EXCERPTED RECORDS Block Start
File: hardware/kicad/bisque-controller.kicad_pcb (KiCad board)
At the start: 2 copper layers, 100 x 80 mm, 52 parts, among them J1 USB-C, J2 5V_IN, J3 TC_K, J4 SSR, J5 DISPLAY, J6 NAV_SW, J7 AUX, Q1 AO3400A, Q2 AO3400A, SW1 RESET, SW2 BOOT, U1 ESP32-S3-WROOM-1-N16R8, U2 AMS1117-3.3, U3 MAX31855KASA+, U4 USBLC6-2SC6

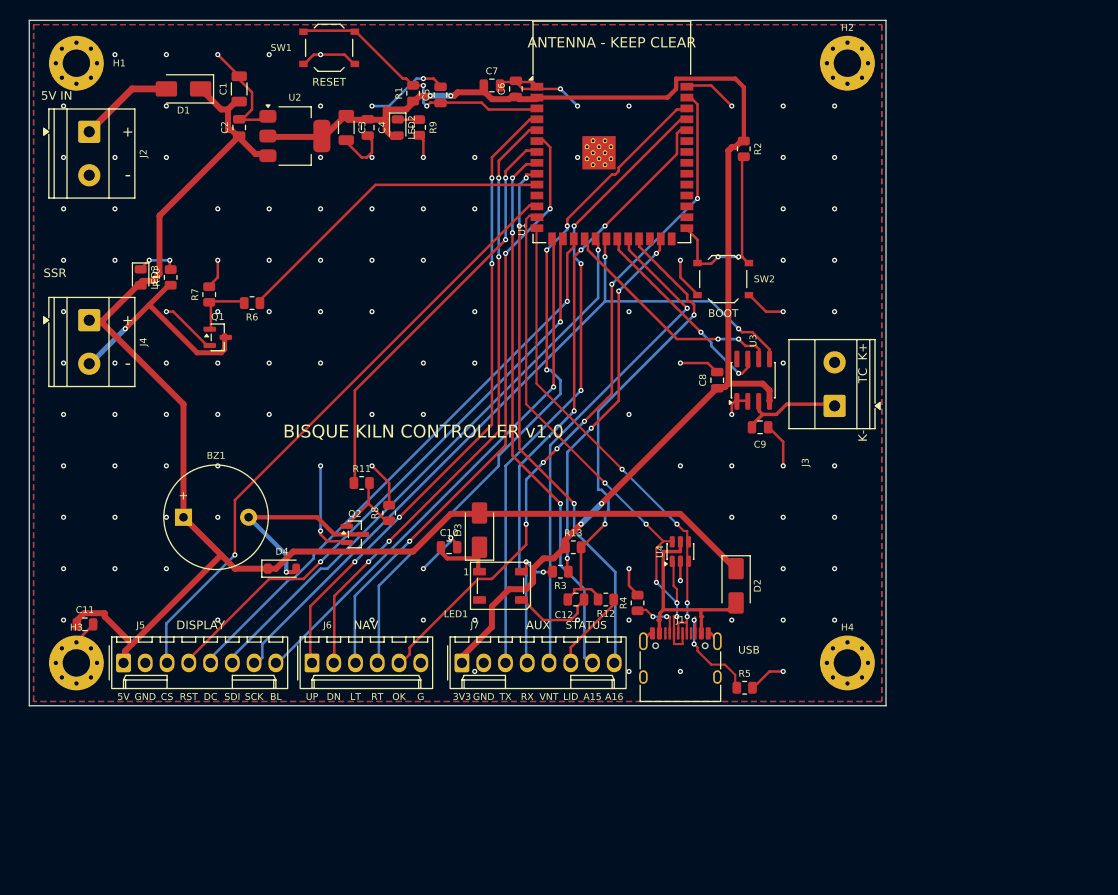
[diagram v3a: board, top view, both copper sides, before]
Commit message: wip(hw): rev B place and route — rung 2, still 27 unconnected
Full re-placement of all 141 footprints and a first end-to-end route of the
rev B board. Does NOT reach the 0-error/0-unconnected gate: 78 DRC violations,
27 unconnected pads, 9 nets the router could not finish. Spec 6.3's ladder was
worked in order and neither affordable rung closed it.

  rung 0 (100x100, 0805): 34 unroutable, 149 violations, 38 unconnected
  rung 1 (100x100, 0603): 23 unroutable,  84 violations, 32 unconnected
  rung 2 (125x100, 0603):  9 unroutable,  78 violations, 27 unconnected

Rung 3 (4-layer) is what the remaining failures point at — they are all short
local nets boxed in by neighbours' copper, i.e. short of routing layer, not of
board area — but that changes the stack-up and fab cost, so it is escalated
rather than started. See .superpowers/sdd/2026-08-11-pcb-rev-b/task-14-report.md.

Placement is now data, not 141 hand-typed coordinates: floorplan.py holds the
region rectangles, the pinned parts and a seed per part plus an overlap
legalizer; apply_floorplan.py writes the result into design.py; and
check_placement.py answers "does anything collide" from design.py in a second
instead of after a 20-minute route and fill. Final: 0 courtyard overlaps,
0 parts off-board.

Generator fixes this needed, none of which relax a rule:

- kicad_build.py had never been run. It crashed in add_zones (pcbnew.LSET
  takes no python list in KiCad 10) and its ref-relocation table still named
  C9, deleted with the MAX31855.
- Dropped the WROOM-1 antenna keepout fallback. The 1U has no PCB antenna;
  inventing a keep-out for it barred tracks from a third of the digital band
  and forfeited the band the module swap exists to reclaim.
- Made the opto barrier a *router* keepout as well as a pour keepout, with an
  allow_nets exemption for SSR*_A/B. Otherwise stitch_vias drops free GND vias
  inside the band; and forbidding vias via the KiCad rule area instead made it
  flag J4/J9's own pads as "items n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
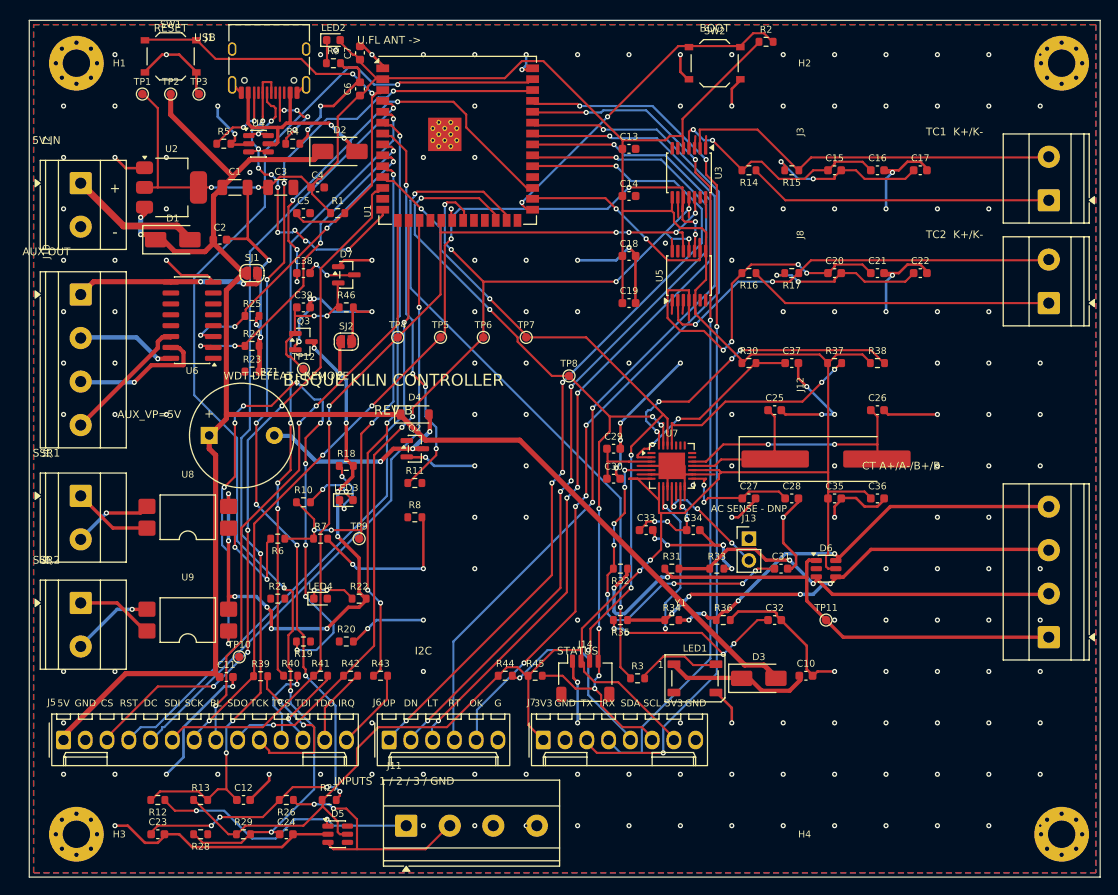
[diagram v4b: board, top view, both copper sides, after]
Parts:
- removed C8: 100nF, C_0805_2012Metric
- removed C9: 10nF, C_0805_2012Metric
- removed Q1: AO3400A, SOT-23
- added C13: 100nF, C_0603_1608Metric, F.Cu at (90.0, 35.0)
- added C14: 100nF, C_0603_1608Metric, F.Cu at (90.0, 40.5)
- added C15: 100nF, C_0603_1608Metric, F.Cu at (114.0, 37.5)
- added C16: 10nF, C_0603_1608Metric, F.Cu at (119.0, 37.5)
- added C17: 10nF, C_0603_1608Metric, F.Cu at (124.0, 37.5)
- added C18: 100nF, C_0603_1608Metric, F.Cu at (90.0, 47.5)
- added C19: 100nF, C_0603_1608Metric, F.Cu at (90.0, 53.0)
- added C20: 100nF, C_0603_1608Metric, F.Cu at (114.0, 49.5)
- added C21: 10nF, C_0603_1608Metric, F.Cu at (119.0, 49.5)
- added C22: 10nF, C_0603_1608Metric, F.Cu at (124.0, 49.5)
- added C23: 100nF, C_0603_1608Metric, F.Cu at (35.0, 115.0)
- added C24: 100nF, C_0603_1608Metric, F.Cu at (50.0, 115.0)
- added C25: 30pF, C_0603_1608Metric, F.Cu at (107.0, 65.5)
- added C26: 30pF, C_0603_1608Metric, F.Cu at (119.0, 65.5)
- added C27: 4.7uF, C_0603_1608Metric, F.Cu at (104.0, 75.8)
- added C28: 100nF, C_0603_1608Metric, F.Cu at (109.0, 75.8)
- added C29: 4.7uF, C_0603_1608Metric, F.Cu at (88.2, 70.0)
- added C30: 100nF, C_0603_1608Metric, F.Cu at (88.2, 73.5)
- added C31: 33nF, C_0603_1608Metric, F.Cu at (107.8, 84.0)
- added C32: 33nF, C_0603_1608Metric, F.Cu at (107.0, 90.0)
- added C33: 4.7uF, C_0603_1608Metric, F.Cu at (92.0, 79.5)
- added C34: 100nF, C_0603_1608Metric, F.Cu at (97.5, 79.5)
- added C35: 10uF, C_0603_1608Metric, F.Cu at (114.0, 75.8)
- added C36: 100nF, C_0603_1608Metric, F.Cu at (119.0, 75.8)
- added C37: 1uF, C_0603_1608Metric, F.Cu at (109.0, 60.0)
- added C38: 100nF, C_0603_1608Metric, F.Cu at (52.0, 49.5)
- added C39: 1uF, C_0603_1608Metric, F.Cu at (52.0, 53.5)
- added D5: SRV05-4, SOT-23-6, F.Cu at (56.0, 115.0)
- added D6: SRV05-4, SOT-23-6, F.Cu at (113.0, 84.0)
- added D7: BAT54S, SOT-23, F.Cu at (57.0, 49.7)
- added J10: AUX, TerminalBlock_Phoenix_MKDS-1,5-4-5.08_1x04_P5.08mm_Horizontal, F.Cu at (26.0, 52.0)
- added J11: INPUTS, TerminalBlock_Phoenix_MKDS-1,5-4-5.08_1x04_P5.08mm_Horizontal, F.Cu at (64.0, 114.0)
- added J12: CT, TerminalBlock_Phoenix_MKDS-1,5-4-5.08_1x04_P5.08mm_Horizontal, F.Cu at (139.0, 92.0)
- added J13: AC_SENSE_DNP, PinHeader_1x02_P2.54mm_Vertical, F.Cu at (104.0, 80.5)
- added J14: QWIIC, JST_SH_SM04B-SRSS-TB_1x04-1MP_P1.00mm_Horizontal, F.Cu at (84.9, 96.8)
- added J8: TC2_K, TerminalBlock_Phoenix_MKDS-1,5-2-5.08_1x02_P5.08mm_Horizontal, F.Cu at (139.0, 53.0)
- added J9: SSR2, TerminalBlock_Phoenix_MKDS-1,5-2-5.08_1x02_P5.08mm_Horizontal, F.Cu at (26.0, 88.0)
- added LED4: amber, LED_0603_1608Metric, F.Cu at (54.0, 87.5)
- added Q3: AO3400A, SOT-23, F.Cu at (52.0, 57.5)
- added R14: 100R 1%, R_0603_1608Metric, F.Cu at (104.0, 37.5)
- added R15: 100R 1%, R_0603_1608Metric, F.Cu at (109.0, 37.5)
- added R16: 100R 1%, R_0603_1608Metric, F.Cu at (104.0, 49.5)
- added R17: 100R 1%, R_0603_1608Metric, F.Cu at (109.0, 49.5)
- added R18: 0R, R_0603_1608Metric, F.Cu at (57.0, 72.0)
- added R19: 220R, R_0603_1608Metric, F.Cu at (52.0, 92.5)
- added R20: 10k, R_0603_1608Metric, F.Cu at (57.0, 92.5)
- added R21: 680R, R_0603_1608Metric, F.Cu at (49.0, 87.5)
- added R22: 0R, R_0603_1608Metric, F.Cu at (58.5, 87.5)
- added R23: 10k, R_0603_1608Metric, F.Cu at (46.0, 61.0)
- added R24: 10k, R_0603_1608Metric, F.Cu at (46.0, 58.0)
- added R25: 10k, R_0603_1608Metric, F.Cu at (46.0, 54.5)
- added R26: 1k, R_0603_1608Metric, F.Cu at (50.0, 111.0)
- added R27: 10k, R_0603_1608Metric, F.Cu at (55.0, 111.0)
- added R28: 1k, R_0603_1608Metric, F.Cu at (40.0, 115.0)
- added R29: 10k, R_0603_1608Metric, F.Cu at (45.0, 115.0)
- added R30: 10k, R_0603_1608Metric, F.Cu at (104.0, 60.0)
- added R31: 6R8, R_0603_1608Metric, F.Cu at (95.0, 84.0)
- added R32: 1k, R_0603_1608Metric, F.Cu at (89.0, 84.0)
- added R33: 1k, R_0603_1608Metric, F.Cu at (100.2, 84.0)
- added R34: 6R8, R_0603_1608Metric, F.Cu at (95.0, 90.0)
- added R35: 1k, R_0603_1608Metric, F.Cu at (89.0, 90.0)
- added R36: 1k, R_0603_1608Metric, F.Cu at (101.0, 90.0)
- added R37: 10k, R_0603_1608Metric, F.Cu at (114.0, 60.0)
- added R38: 10k, R_0603_1608Metric, F.Cu at (119.0, 60.0)
- added R39: 33, R_0603_1608Metric, F.Cu at (47.0, 96.5)
- added R40: 33, R_0603_1608Metric, F.Cu at (50.5, 96.5)
- added R41: 33, R_0603_1608Metric, F.Cu at (54.0, 96.5)
- added R42: 33, R_0603_1608Metric, F.Cu at (57.5, 96.5)
- added R43: 33, R_0603_1608Metric, F.Cu at (61.0, 96.5)
- added R44: 4.7k, R_0603_1608Metric, F.Cu at (75.5, 96.5)
- added R45: 4.7k, R_0603_1608Metric, F.Cu at (79.0, 96.5)
- added R46: 1M, R_0603_1608Metric, F.Cu at (57.0, 53.5)
- added SJ1: AUX_VP=5V, SolderJumper-2_P1.3mm_Open_RoundedPad1.0x1.5mm, F.Cu at (46.0, 49.5)
- added SJ2: WDT_DEFEAT, SolderJumper-2_P1.3mm_Open_RoundedPad1.0x1.5mm, F.Cu at (57.0, 57.5)
- added TP1: TP, TestPoint_Pad_D1.0mm, F.Cu at (33.2, 28.6)
- added TP10: TP, TestPoint_Pad_D1.0mm, F.Cu at (44.5, 94.3)
- added TP11: TP, TestPoint_Pad_D1.0mm, F.Cu at (113.0, 90.0)
- added TP12: TP, TestPoint_Pad_D1.0mm, F.Cu at (52.0, 60.7)
- added TP2: TP, TestPoint_Pad_D1.0mm, F.Cu at (36.5, 28.6)
- added TP3: TP, TestPoint_Pad_D1.0mm, F.Cu at (39.8, 28.6)
- added TP4: TP, TestPoint_Pad_D1.0mm, F.Cu at (63.0, 57.0)
- added TP5: TP, TestPoint_Pad_D1.0mm, F.Cu at (68.0, 57.0)
- added TP6: TP, TestPoint_Pad_D1.0mm, F.Cu at (73.0, 57.0)
- added TP7: TP, TestPoint_Pad_D1.0mm, F.Cu at (78.0, 57.0)
- added TP8: TP, TestPoint_Pad_D1.0mm, F.Cu at (83.0, 61.5)
- added TP9: TP, TestPoint_Pad_D1.0mm, F.Cu at (58.5, 80.5)
- added U5: MAX31856MUD+, TSSOP-14_4.4x5mm_P0.65mm, F.Cu at (97.0, 49.8)
- added U6: ULN2003A, SOIC-16_3.9x9.9mm_P1.27mm, F.Cu at (39.0, 55.0)
- added U7: ADE7953ACPZ, QFN-28-1EP_5x5mm_P0.5mm_EP3.1x3.1mm, F.Cu at (95.0, 72.0)
- added U8: LTV-817S-TA1-C, SMDIP-4_W9.53mm, F.Cu at (38.5, 78.0)
- added U9: LTV-817S-TA1-C, SMDIP-4_W9.53mm, F.Cu at (38.5, 90.0)
- added Y1: 3.579545MHz, Crystal_SMD_HC49-SD_HandSoldering, F.Cu at (113.0, 71.2)
- C10, C11, C12, C2, C4, C5, C6, C7: footprint C_0805_2012Metric -> C_0603_1608Metric
- J3: value TC_K -> TC1_K
- J4: value SSR -> SSR1
- J5: footprint Molex_KK-254_AE-6410-08A_1x08_P2.54mm_Vertical -> Molex_KK-254_AE-6410-14A_1x14_P2.54mm_Vertical
- LED2, LED3: footprint LED_0805_2012Metric -> LED_0603_1608Metric
- R1, R10, R11, R12, R13, R2, R3, R4, R5, R7, R8, R9: footprint R_0805_2012Metric -> R_0603_1608Metric
- R6: value 100R -> 220R; footprint R_0805_2012Metric -> R_0603_1608Metric
- U1: value ESP32-S3-WROOM-1-N16R8 -> ESP32-S3-WROOM-1U-N16R2; footprint ESP32-S3-WROOM-1 -> ESP32-S3-WROOM-1U
- U3: value MAX31855KASA+ -> MAX31856MUD+; footprint SOIC-8_3.9x4.9mm_P1.27mm -> TSSOP-14_4.4x5mm_P0.65mm
- moved R5 87.9 mm to (42.7, 34.4)
- moved J1 85.9 mm to (48.0, 24.4), turned to 180 degrees
- moved D2 68.6 mm to (56.2, 35.3), turned to 0 degrees
- moved U4 68.5 mm to (46.8, 34.4), turned to 0 degrees
- moved R4 67.0 mm to (50.8, 34.4), turned to 0 degrees
- moved R12 57.3 mm to (35.0, 111.0)
- moved R13 52.6 mm to (40.0, 111.0)
- moved C12 45.3 mm to (45.0, 111.0)
- moved C10 44.3 mm to (110.7, 96.5)
- moved D3 36.9 mm to (105.2, 96.8), turned to 0 degrees
- moved LED3 35.4 mm to (57.0, 76.0), turned to 0 degrees
- moved J3 34.7 mm to (139.0, 41.0)
- moved H4 32.0 mm to (140.5, 115.0)
- moved R7 31.3 mm to (54.0, 80.5), turned to 0 degrees
- moved R10 30.5 mm to (52.0, 76.2), turned to 0 degrees
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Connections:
- C12 pad 1: LID_SW -> IN1
- J3 pad 1: TC_P -> TC1_P
- J3 pad 2: GND -> TC1_N
- J4 pad 1: +5V -> SSR1_A
- J4 pad 2: SSR_OUT -> SSR1_B
- J7 pad 5: VENT -> I2C_SDA
- J7 pad 6: LID_IN -> I2C_SCL
- J7 pad 7: AUX_A -> +3V3
- J7 pad 8: AUX_B -> GND
- LED3 pad 1: LEDS_K -> SSR1_IND_K
- LED3 pad 2: +5V -> SSR1_IND_A
- R10 pad 1: SSR_OUT -> SSR1_CTRL
- R10 pad 2: LEDS_K -> SSR1_IND_A
- R12 pad 1: LID_IN -> IN1_RAW
- R12 pad 2: LID_SW -> IN1
- R13 pad 2: LID_SW -> IN1
- R6 pad 1: SSR_CTRL -> SSR1_CTRL
- R6 pad 2: SSR_GATE -> SSR1_LED_A
- R7 pad 1: SSR_GATE -> SSR1_CTRL
- U1 pad 10: SSR_CTRL -> SSR1_CTRL
- U1 pad 11: (no net) -> I2C_SDA
- U1 pad 18: TC_CS -> TC1_CS
- U1 pad 22: VENT -> AUX1
- U1 pad 23: LID_SW -> SSR2_CTRL
- U1 pad 24: (no net) -> I2C_SCL
- U1 pad 28: (no net) -> TC2_CS
- U1 pad 29: (no net) -> WDT_KICK
- U1 pad 31: (no net) -> BTN_UP
- U1 pad 32: (no net) -> BTN_DOWN
- U1 pad 33: (no net) -> BTN_LEFT
- U1 pad 34: (no net) -> BTN_RIGHT
- U1 pad 35: (no net) -> BTN_SEL
- U1 pad 38: BTN_RIGHT -> IN2
- U1 pad 39: BTN_SEL -> IN3
- U1 pad 4: BTN_UP -> IN1
- U1 pad 5: BTN_DOWN -> T_CS
- U1 pad 6: BTN_LEFT -> T_IRQ
- U1 pad 8: AUX_A -> AUX2
- U1 pad 9: AUX_B -> AUX3
- U3 pad 2: GND -> TC1_N
- U3 pad 3: TC_P -> TC1_N_F
- U3 pad 4: +3V3 -> TC1_P_F
- U3 pad 5: SPI_SCLK -> +3V3
- U3 pad 6: TC_CS -> (no net)
- U3 pad 7: SPI_MISO -> (no net)
- U3 pad 8: (no net) -> +3V3
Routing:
- net GND: track 146.5 -> 387.6 mm, vias 116 -> 193
- net +3V3: track 157.5 -> 361.9 mm
- net IN3: track 0.00 -> 139.1 mm, vias 0 -> 4
- net IN2: track 0.00 -> 136.6 mm, vias 0 -> 11
- net I2C_SCL: track 0.00 -> 105.4 mm, vias 0 -> 8
- net I2C_SDA: track 0.00 -> 104.7 mm, vias 0 -> 6
- net IN1: track 0.00 -> 103.2 mm, vias 0 -> 4
- net SPI_MISO: track 23.9 -> 118.6 mm, vias 2 -> 8
- net SSR2_LED_A: track 0.00 -> 77.2 mm, vias 0 -> 10
- net SSR_EN: track 0.00 -> 73.4 mm, vias 0 -> 11
- net T_CS: track 0.00 -> 72.7 mm, vias 0 -> 4
- net T_IRQ: track 0.00 -> 68.3 mm, vias 0 -> 4
- net CTA_P: track 0.00 -> 67.0 mm, vias 0 -> 2
- net AUX_A: track 64.3 -> 0.00 mm, vias 3 -> 0
- net AUX_B: track 63.5 -> 0.00 mm, vias 3 -> 0
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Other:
- board size 100 x 80 mm -> 125 x 100 mm
- board text added: "AC SENSE - DNP"
- board text added: "AUX OUT"
- board text added: "AUX_VP=5V"
- board text added: "BISQUE KILN CONTROLLER"
- board text added: "CT A+/A-/B+/B-"
- board text added: "I2C"
- board text added: "INPUTS 1 / 2 / 3 / GND"
- board text added: "IRQ"
- board text added: "REV B"
- board text added: "SCL"
- board text added: "SDA"
- board text added: "SDO"
- board text added: "SSR1"
- board text added: "SSR2"
- board text added: "TC1 K+/K-"
- board text added: "TC2 K+/K-"
- board text added: "TCK"
- board text added: "TCS"
- board text added: "TDI"
- board text added: "TDO"
- board text added: "U.FL ANT ->"
- board text added: "WDT DEFEAT - REMOVE"
- board text removed: "A15"
- board text removed: "A16"
- board text removed: "ANTENNA - KEEP CLEAR"
- board text removed: "AUX"
- board text removed: "BISQUE KILN CONTROLLER v1.0"
- board text removed: "DISPLAY"
- board text removed: "K-"
- board text removed: "LID"
- board text removed: "NAV"
- board text removed: "SSR"
- board text removed: "TC K+"
- board text removed: "VNT"
EXCERPTED RECORDS Block End
### EXERCISE
All lines from the one containing "- net AUX_A: track" through the end of the data, and no others, are to be given again word for word.

### SOLUTION TO THIS PROBLEM
- net AUX_A: track 64.3 -> 0.00 mm, vias 3 -> 0
- net AUX_B: track 63.5 -> 0.00 mm, vias 3 -> 0
Other:
- board size 100 x 80 mm -> 125 x 100 mm
- board text added: "AC SENSE - DNP"
- board text added: "AUX OUT"
- board text added: "AUX_VP=5V"
- board text added: "BISQUE KILN CONTROLLER"
- board text added: "CT A+/A-/B+/B-"
- board text added: "I2C"
- board text added: "INPUTS 1 / 2 / 3 / GND"
- board text added: "IRQ"
- board text added: "REV B"
- board text added: "SCL"
- board text added: "SDA"
- board text added: "SDO"
- board text added: "SSR1"
- board text added: "SSR2"
- board text added: "TC1 K+/K-"
- board text added: "TC2 K+/K-"
- board text added: "TCK"
- board text added: "TCS"
- board text added: "TDI"
- board text added: "TDO"
- board text added: "U.FL ANT ->"
- board text added: "WDT DEFEAT - REMOVE"
- board text removed: "A15"
- board text removed: "A16"
- board text removed: "ANTENNA - KEEP CLEAR"
- board text removed: "AUX"
- board text removed: "BISQUE KILN CONTROLLER v1.0"
- board text removed: "DISPLAY"
- board text removed: "K-"
- board text removed: "LID"
- board text removed: "NAV"
- board text removed: "SSR"
- board text removed: "TC K+"
- board text removed: "VNT"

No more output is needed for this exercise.